(Records from a dataset)

Content starts

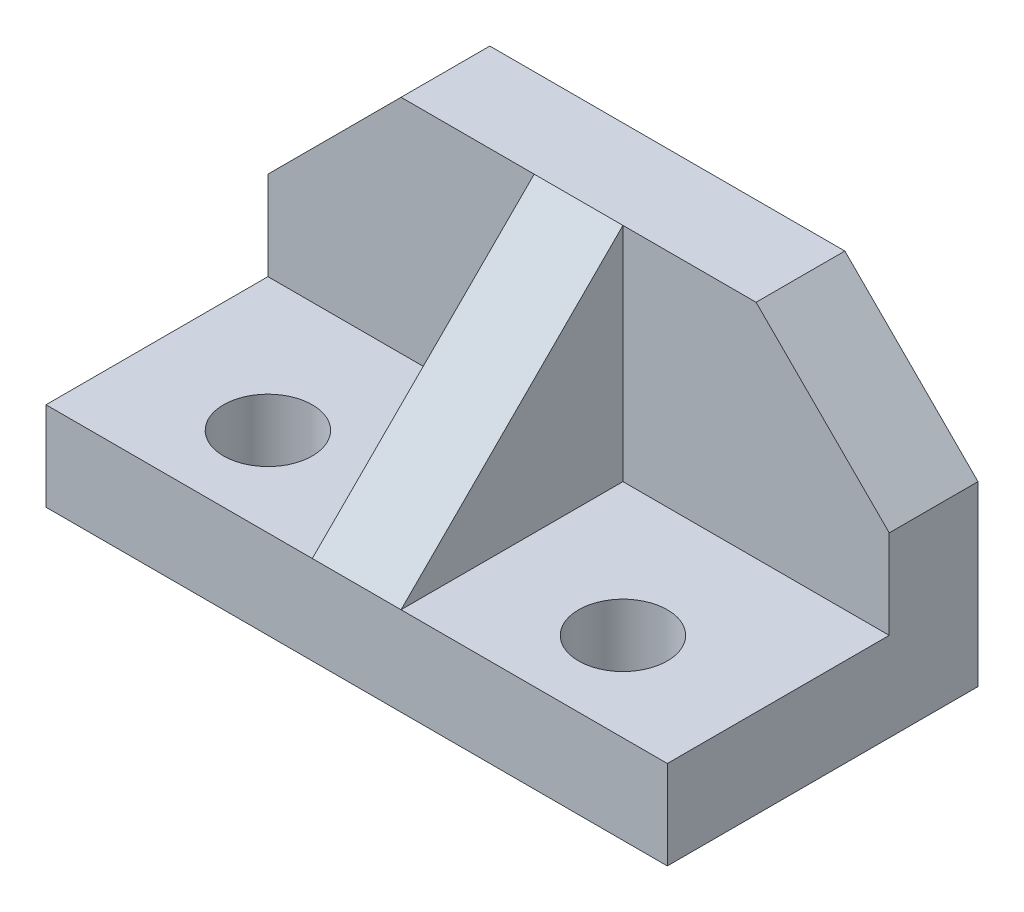
ISO-10303-21;
HEADER;
FILE_DESCRIPTION(('STEP AP214'),'2;1');
FILE_NAME('part.step','',(''),(''),'','','');
FILE_SCHEMA(('AUTOMOTIVE_DESIGN { 1 0 10303 214 1 1 1 1 }'));
ENDSEC;
DATA;
#1=APPLICATION_CONTEXT('core data for automotive mechanical design processes');
#2=APPLICATION_PROTOCOL_DEFINITION('international standard','automotive_design',2000,#1);
#3=PRODUCT_CONTEXT('',#1,'mechanical');
#4=PRODUCT('Part','Part','',(#3));
#5=PRODUCT_RELATED_PRODUCT_CATEGORY('part','',(#4));
#6=PRODUCT_DEFINITION_FORMATION('','',#4);
#7=PRODUCT_DEFINITION_CONTEXT('part definition',#1,'design');
#8=PRODUCT_DEFINITION('design','',#6,#7);
#9=PRODUCT_DEFINITION_SHAPE('','',#8);
#10=(LENGTH_UNIT() NAMED_UNIT(*) SI_UNIT(.MILLI.,.METRE.));
#11=(NAMED_UNIT(*) PLANE_ANGLE_UNIT() SI_UNIT($,.RADIAN.));
#12=(NAMED_UNIT(*) SI_UNIT($,.STERADIAN.) SOLID_ANGLE_UNIT());
#13=UNCERTAINTY_MEASURE_WITH_UNIT(LENGTH_MEASURE(1.E-05),#10,'distance_accuracy_value','');
#14=(GEOMETRIC_REPRESENTATION_CONTEXT(3) GLOBAL_UNCERTAINTY_ASSIGNED_CONTEXT((#13)) GLOBAL_UNIT_ASSIGNED_CONTEXT((#10,
#11,#12)) REPRESENTATION_CONTEXT('',''));
#15=CARTESIAN_POINT('',(0.,0.,0.));
#16=DIRECTION('',(0.,0.,1.));
#17=DIRECTION('',(1.,0.,0.));
#18=AXIS2_PLACEMENT_3D('',#15,#16,#17);
#19=CARTESIAN_POINT('',(0.,35.,0.));
#20=DIRECTION('',(1.,0.,0.));
#21=DIRECTION('',(0.,0.,-1.));
#22=AXIS2_PLACEMENT_3D('',#19,#20,#21);
#23=PLANE('',#22);
#24=DIRECTION('',(0.,-1.,0.));
#25=VECTOR('',#24,1.);
#26=CARTESIAN_POINT('',(0.,35.,-25.));
#27=LINE('',#26,#25);
#28=CARTESIAN_POINT('',(0.,20.,-25.));
#29=VERTEX_POINT('',#28);
#30=CARTESIAN_POINT('',(0.,10.,-25.));
#31=VERTEX_POINT('',#30);
#32=EDGE_CURVE('E159',#29,#31,#27,.T.);
#33=ORIENTED_EDGE('',*,*,#32,.F.);
#34=DIRECTION('',(0.,0.,1.));
#35=VECTOR('',#34,1.);
#36=CARTESIAN_POINT('',(0.,20.,-50.));
#37=LINE('',#36,#35);
#38=CARTESIAN_POINT('',(0.,20.,-35.));
#39=VERTEX_POINT('',#38);
#40=EDGE_CURVE('E54',#39,#29,#37,.T.);
#41=ORIENTED_EDGE('',*,*,#40,.F.);
#42=DIRECTION('',(0.,-1.,0.));
#43=VECTOR('',#42,1.);
#44=CARTESIAN_POINT('',(0.,35.,-35.));
#45=LINE('',#44,#43);
#46=CARTESIAN_POINT('',(0.,0.,-35.));
#47=VERTEX_POINT('',#46);
#48=EDGE_CURVE('E193',#39,#47,#45,.T.);
#49=ORIENTED_EDGE('',*,*,#48,.T.);
#50=DIRECTION('',(0.,0.,1.));
#51=VECTOR('',#50,1.);
#52=CARTESIAN_POINT('',(0.,0.,0.));
#53=LINE('',#52,#51);
#54=CARTESIAN_POINT('',(0.,0.,0.));
#55=VERTEX_POINT('',#54);
#56=EDGE_CURVE('E187',#47,#55,#53,.T.);
#57=ORIENTED_EDGE('',*,*,#56,.T.);
#58=DIRECTION('',(0.,-1.,0.));
#59=VECTOR('',#58,1.);
#60=CARTESIAN_POINT('',(0.,35.,0.));
#61=LINE('',#60,#59);
#62=CARTESIAN_POINT('',(0.,10.,0.));
#63=VERTEX_POINT('',#62);
#64=EDGE_CURVE('E11',#63,#55,#61,.T.);
#65=ORIENTED_EDGE('',*,*,#64,.F.);
#66=DIRECTION('',(0.,0.,1.));
#67=VECTOR('',#66,1.);
#68=CARTESIAN_POINT('',(0.,10.,-25.));
#69=LINE('',#68,#67);
#70=EDGE_CURVE('E146',#31,#63,#69,.T.);
#71=ORIENTED_EDGE('',*,*,#70,.F.);
#72=EDGE_LOOP('',(#33,#41,#49,#57,#65,#71));
#73=FACE_BOUND('',#72,.T.);
#74=ADVANCED_FACE('F39',(#73),#23,.F.);
#75=CARTESIAN_POINT('',(0.,35.,0.));
#76=DIRECTION('',(0.,0.,-1.));
#77=DIRECTION('',(-1.,0.,0.));
#78=AXIS2_PLACEMENT_3D('',#75,#76,#77);
#79=PLANE('',#78);
#80=DIRECTION('',(1.,0.,0.));
#81=VECTOR('',#80,1.);
#82=CARTESIAN_POINT('',(70.,10.,0.));
#83=LINE('',#82,#81);
#84=CARTESIAN_POINT('',(40.,9.99999999999999,0.));
#85=VERTEX_POINT('',#84);
#86=CARTESIAN_POINT('',(70.,10.,0.));
#87=VERTEX_POINT('',#86);
#88=EDGE_CURVE('E163',#85,#87,#83,.T.);
#89=ORIENTED_EDGE('',*,*,#88,.F.);
#90=DIRECTION('',(1.,0.,0.));
#91=VECTOR('',#90,1.);
#92=CARTESIAN_POINT('',(15.,9.99999999999999,0.));
#93=LINE('',#92,#91);
#94=CARTESIAN_POINT('',(30.,9.99999999999999,0.));
#95=VERTEX_POINT('',#94);
#96=EDGE_CURVE('E248',#95,#85,#93,.T.);
#97=ORIENTED_EDGE('',*,*,#96,.F.);
#98=DIRECTION('',(1.,0.,0.));
#99=VECTOR('',#98,1.);
#100=CARTESIAN_POINT('',(0.,10.,0.));
#101=LINE('',#100,#99);
#102=EDGE_CURVE('E156',#63,#95,#101,.T.);
#103=ORIENTED_EDGE('',*,*,#102,.F.);
#104=ORIENTED_EDGE('',*,*,#64,.T.);
#105=DIRECTION('',(1.,0.,0.));
#106=VECTOR('',#105,1.);
#107=CARTESIAN_POINT('',(0.,0.,0.));
#108=LINE('',#107,#106);
#109=CARTESIAN_POINT('',(70.,0.,0.));
#110=VERTEX_POINT('',#109);
#111=EDGE_CURVE('E198',#55,#110,#108,.T.);
#112=ORIENTED_EDGE('',*,*,#111,.T.);
#113=DIRECTION('',(0.,-1.,0.));
#114=VECTOR('',#113,1.);
#115=CARTESIAN_POINT('',(70.,35.,0.));
#116=LINE('',#115,#114);
#117=EDGE_CURVE('E47',#87,#110,#116,.T.);
#118=ORIENTED_EDGE('',*,*,#117,.F.);
#119=EDGE_LOOP('',(#89,#97,#103,#104,#112,#118));
#120=FACE_BOUND('',#119,.T.);
#121=ADVANCED_FACE('F224',(#120),#79,.F.);
#122=CARTESIAN_POINT('',(70.,35.,0.));
#123=DIRECTION('',(-1.,0.,0.));
#124=DIRECTION('',(0.,0.,1.));
#125=AXIS2_PLACEMENT_3D('',#122,#123,#124);
#126=PLANE('',#125);
#127=DIRECTION('',(0.,-1.,0.));
#128=VECTOR('',#127,1.);
#129=CARTESIAN_POINT('',(70.,35.,-35.));
#130=LINE('',#129,#128);
#131=CARTESIAN_POINT('',(70.,20.,-35.));
#132=VERTEX_POINT('',#131);
#133=CARTESIAN_POINT('',(70.,0.,-35.));
#134=VERTEX_POINT('',#133);
#135=EDGE_CURVE('E211',#132,#134,#130,.T.);
#136=ORIENTED_EDGE('',*,*,#135,.F.);
#137=DIRECTION('',(0.,0.,1.));
#138=VECTOR('',#137,1.);
#139=CARTESIAN_POINT('',(70.,20.,-50.));
#140=LINE('',#139,#138);
#141=CARTESIAN_POINT('',(70.,20.,-25.));
#142=VERTEX_POINT('',#141);
#143=EDGE_CURVE('E236',#132,#142,#140,.T.);
#144=ORIENTED_EDGE('',*,*,#143,.T.);
#145=DIRECTION('',(0.,1.,0.));
#146=VECTOR('',#145,1.);
#147=CARTESIAN_POINT('',(70.,35.,-25.));
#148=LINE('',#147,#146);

Content ends

> **TASK ITEM**
Copy the records above exactly, beginning at the line that contains "#82=CARTESIAN_POINT('',(70.,10.,0.));" and stopping after the line that contains "#89=ORIENTED_EDGE('',*,*,#88,.F.);".

> **ANSWER AREA**
#82=CARTESIAN_POINT('',(70.,10.,0.));
#83=LINE('',#82,#81);
#84=CARTESIAN_POINT('',(40.,9.99999999999999,0.));
#85=VERTEX_POINT('',#84);
#86=CARTESIAN_POINT('',(70.,10.,0.));
#87=VERTEX_POINT('',#86);
#88=EDGE_CURVE('E163',#85,#87,#83,.T.);
#89=ORIENTED_EDGE('',*,*,#88,.F.);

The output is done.